> **Work instructions**
With pictures excluded, output exactly the lines that run from the first line of the data below through the line containing "[picture b2s1: schematic 18650_pcb.kicad_sch]".

(Task material begins)

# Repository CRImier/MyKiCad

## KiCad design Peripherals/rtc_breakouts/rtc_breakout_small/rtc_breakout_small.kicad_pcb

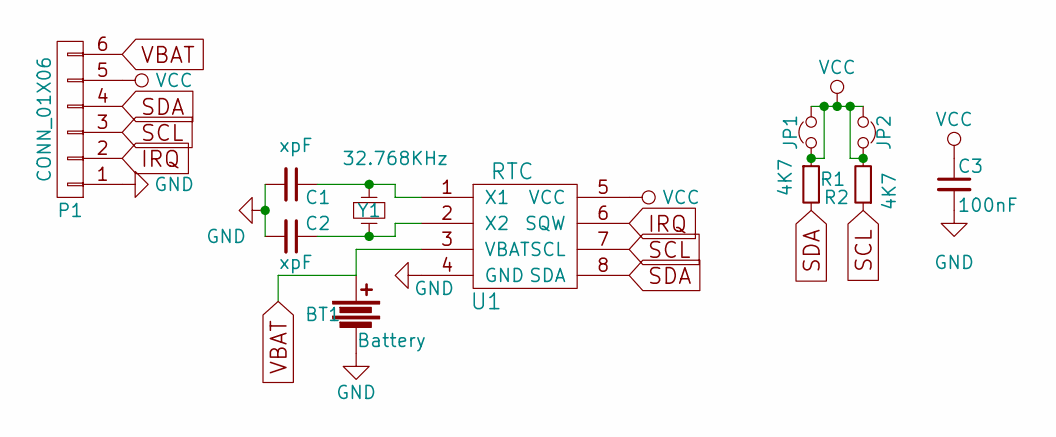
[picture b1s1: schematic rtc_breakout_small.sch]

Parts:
BT1: Battery; CR2032H
C1, C2: xpF; C_0603_HandSoldering
C3: 100nF; C_0603_HandSoldering
JP1, JP2: Jumper_NC_Small; GS2_SMALL
P1: CONN_01X06; Pin_Header_Straight_1x06_Pitch2.54mm
R1, R2: 4K7; R_0603_HandSoldering
U1: RTC; SOIC-8_3.9x4.9mm_Pitch1.27mm
Y1: 32.768KHz; Crystal_SMD_G8-2pin_3.2x1.5mm_HandSoldering

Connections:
GND: BT1.2, C1.2, C2.2, C3.2, P1.1, U1.4 (GND)
IRQ: P1.2, U1.6 (SQW)
unnamed: C1.1, U1.1 (X1), Y1.1
unnamed: C2.1, U1.2 (X2), Y1.2
SCL: P1.3, R2.1, U1.7 (SCL)
SDA: P1.4, R1.2, U1.8 (SDA)
VBAT: BT1.1, P1.6, U1.3 (VBAT)
VCC: C3.1, JP1.1, JP1.2, JP2.1, JP2.2, P1.5, R1.1, R2.2, U1.5 (VCC)

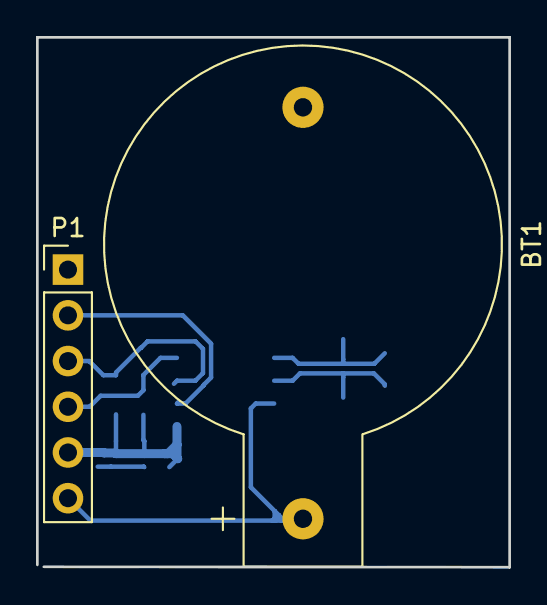
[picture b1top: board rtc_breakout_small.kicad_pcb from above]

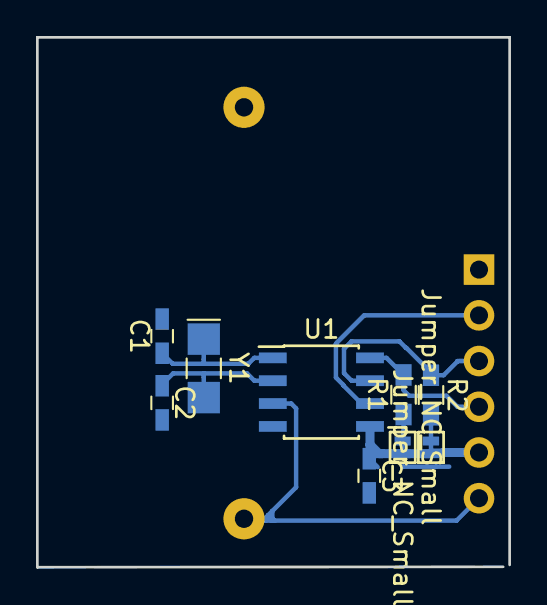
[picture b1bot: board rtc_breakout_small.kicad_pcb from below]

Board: 2 copper layers, 26.2 x 29.4 mm, 11 parts (9 on the bottom side), 8 nets.

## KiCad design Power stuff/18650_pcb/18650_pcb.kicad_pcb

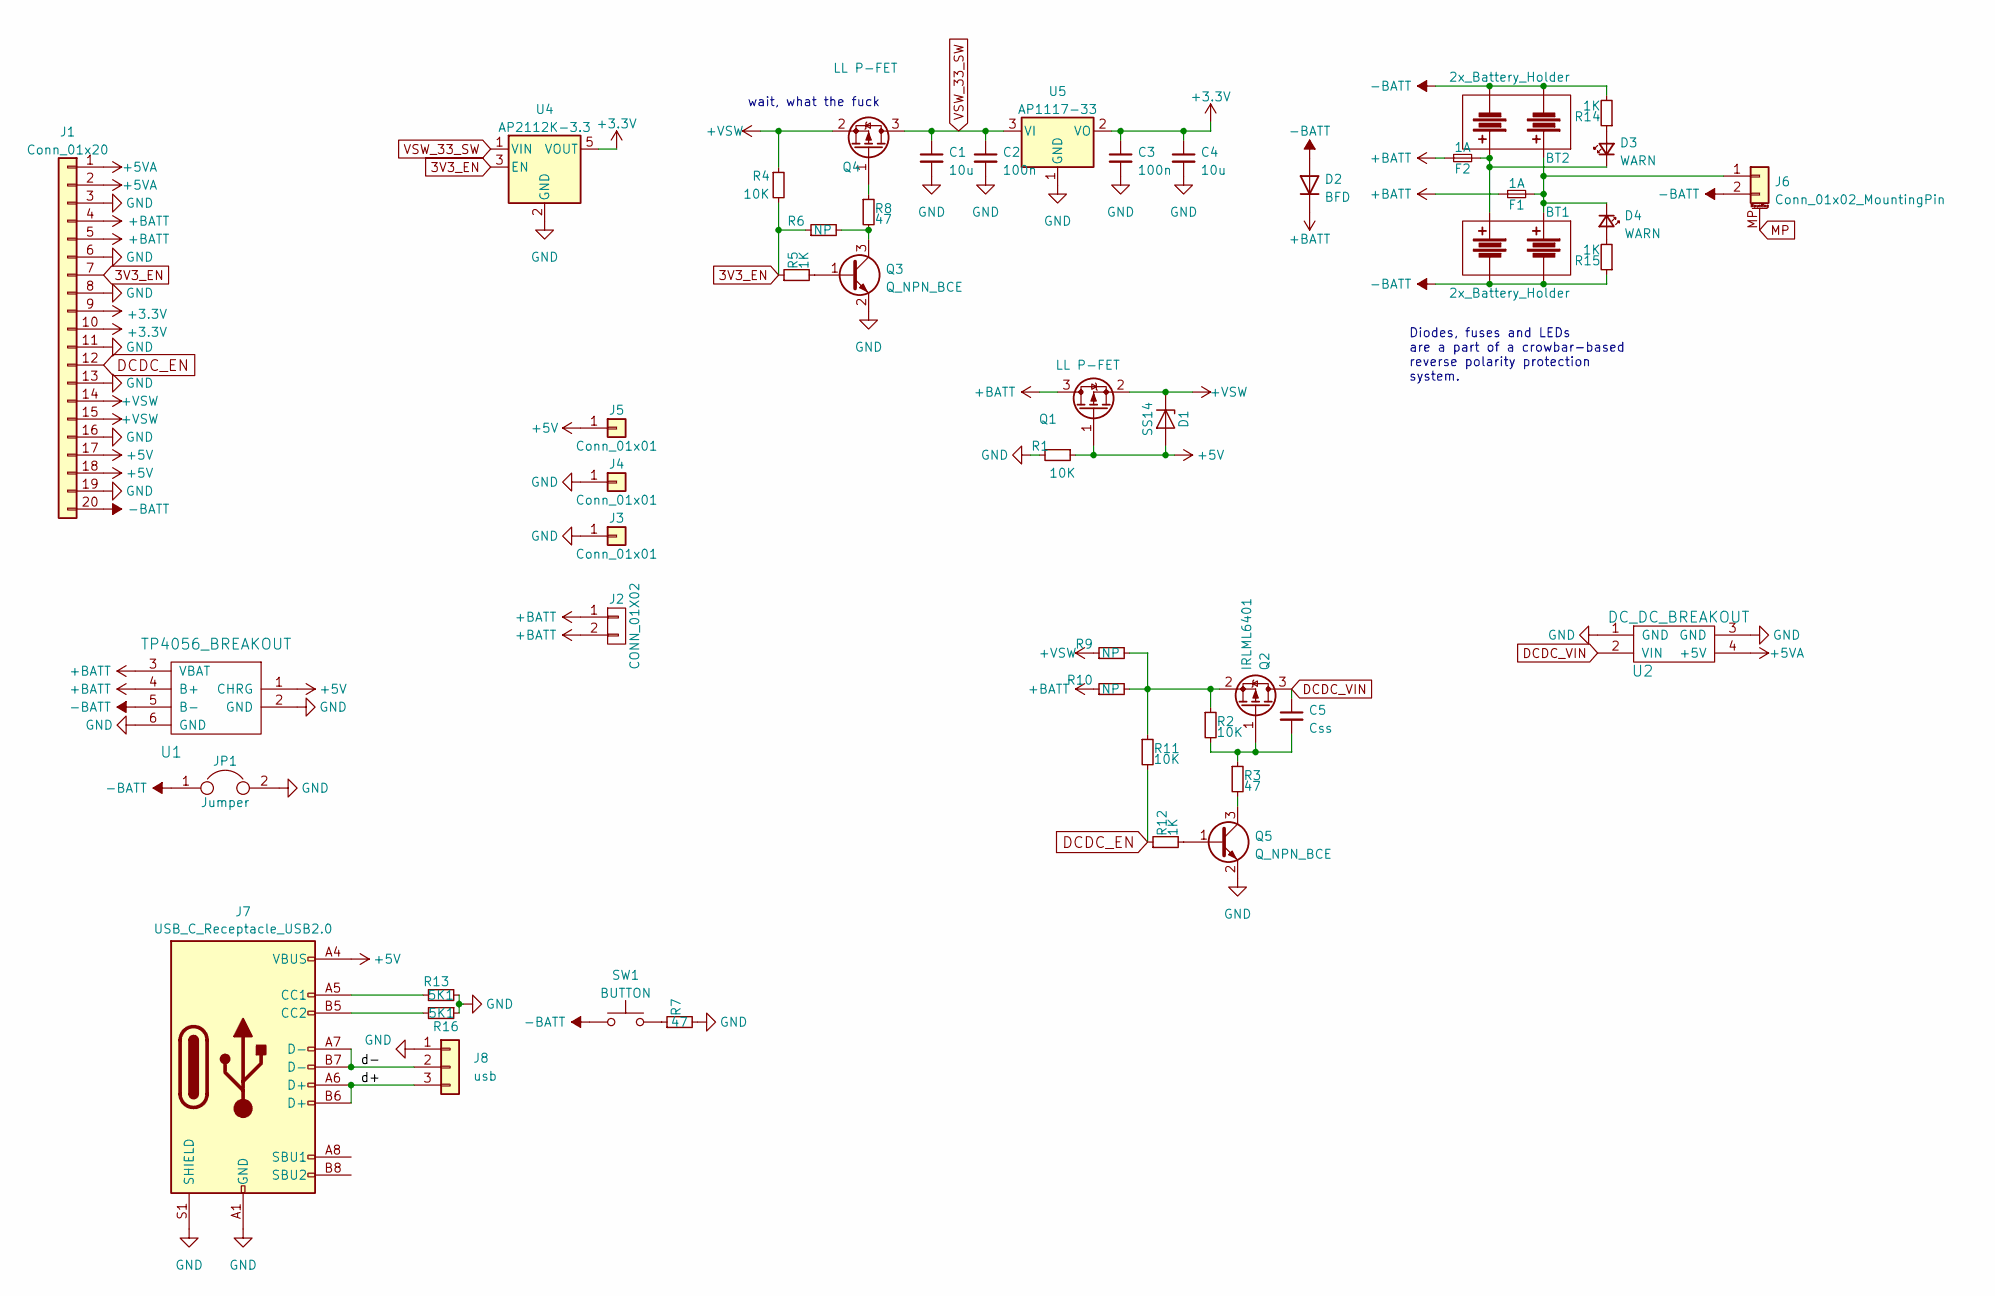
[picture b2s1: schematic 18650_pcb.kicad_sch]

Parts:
BT1: 2x_Battery_Holder; KEYSTONE_1048
BT2: 2x_Battery_Holder; BLM_18650_PC4
C1, C4: 10u; C_0805_2012Metric
C2, C3: 100n; C_0805_2012Metric
C5: Css; C_0805_2012Metric
D1: SS14; D_SMA_Handsoldering
D2: BFD; D_SMC-RM10_Universal_Handsoldering
D3, D4: WARN; LED_0805_2012Metric
F1, F2: 1A; Fuse_2010_5025Metric_Pad1.52x2.65mm_HandSolder
J1: Conn_01x20; PinHeader_1x20_P2.54mm_Vertical
J2: CONN_01X02; PinHeader_1x02_P2.54mm_Vertical
J3, J4, J5: Conn_01x01; PinHeader_1x01_P2.54mm_Vertical
J6: Conn_01x02_MountingPin; JST_PH_S2B-PH-SM4-TB_02x2.00mm_Angled
J7: USB_C_Receptacle_USB2.0; USB_C_Receptacle_HRO_TYPE-C-31-M-12
J8: usb; PinHeader_1x03_P2.54mm_Vertical
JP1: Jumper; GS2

(Task material ends)

> **Problem solution**
# Repository CRImier/MyKiCad

## KiCad design Peripherals/rtc_breakouts/rtc_breakout_small/rtc_breakout_small.kicad_pcb

[picture b1s1: schematic rtc_breakout_small.sch]

Parts:
BT1: Battery; CR2032H
C1, C2: xpF; C_0603_HandSoldering
C3: 100nF; C_0603_HandSoldering
JP1, JP2: Jumper_NC_Small; GS2_SMALL
P1: CONN_01X06; Pin_Header_Straight_1x06_Pitch2.54mm
R1, R2: 4K7; R_0603_HandSoldering
U1: RTC; SOIC-8_3.9x4.9mm_Pitch1.27mm
Y1: 32.768KHz; Crystal_SMD_G8-2pin_3.2x1.5mm_HandSoldering

Connections:
GND: BT1.2, C1.2, C2.2, C3.2, P1.1, U1.4 (GND)
IRQ: P1.2, U1.6 (SQW)
unnamed: C1.1, U1.1 (X1), Y1.1
unnamed: C2.1, U1.2 (X2), Y1.2
SCL: P1.3, R2.1, U1.7 (SCL)
SDA: P1.4, R1.2, U1.8 (SDA)
VBAT: BT1.1, P1.6, U1.3 (VBAT)
VCC: C3.1, JP1.1, JP1.2, JP2.1, JP2.2, P1.5, R1.1, R2.2, U1.5 (VCC)

[picture b1top: board rtc_breakout_small.kicad_pcb from above]

[picture b1bot: board rtc_breakout_small.kicad_pcb from below]

Board: 2 copper layers, 26.2 x 29.4 mm, 11 parts (9 on the bottom side), 8 nets.

## KiCad design Power stuff/18650_pcb/18650_pcb.kicad_pcb

[picture b2s1: schematic 18650_pcb.kicad_sch]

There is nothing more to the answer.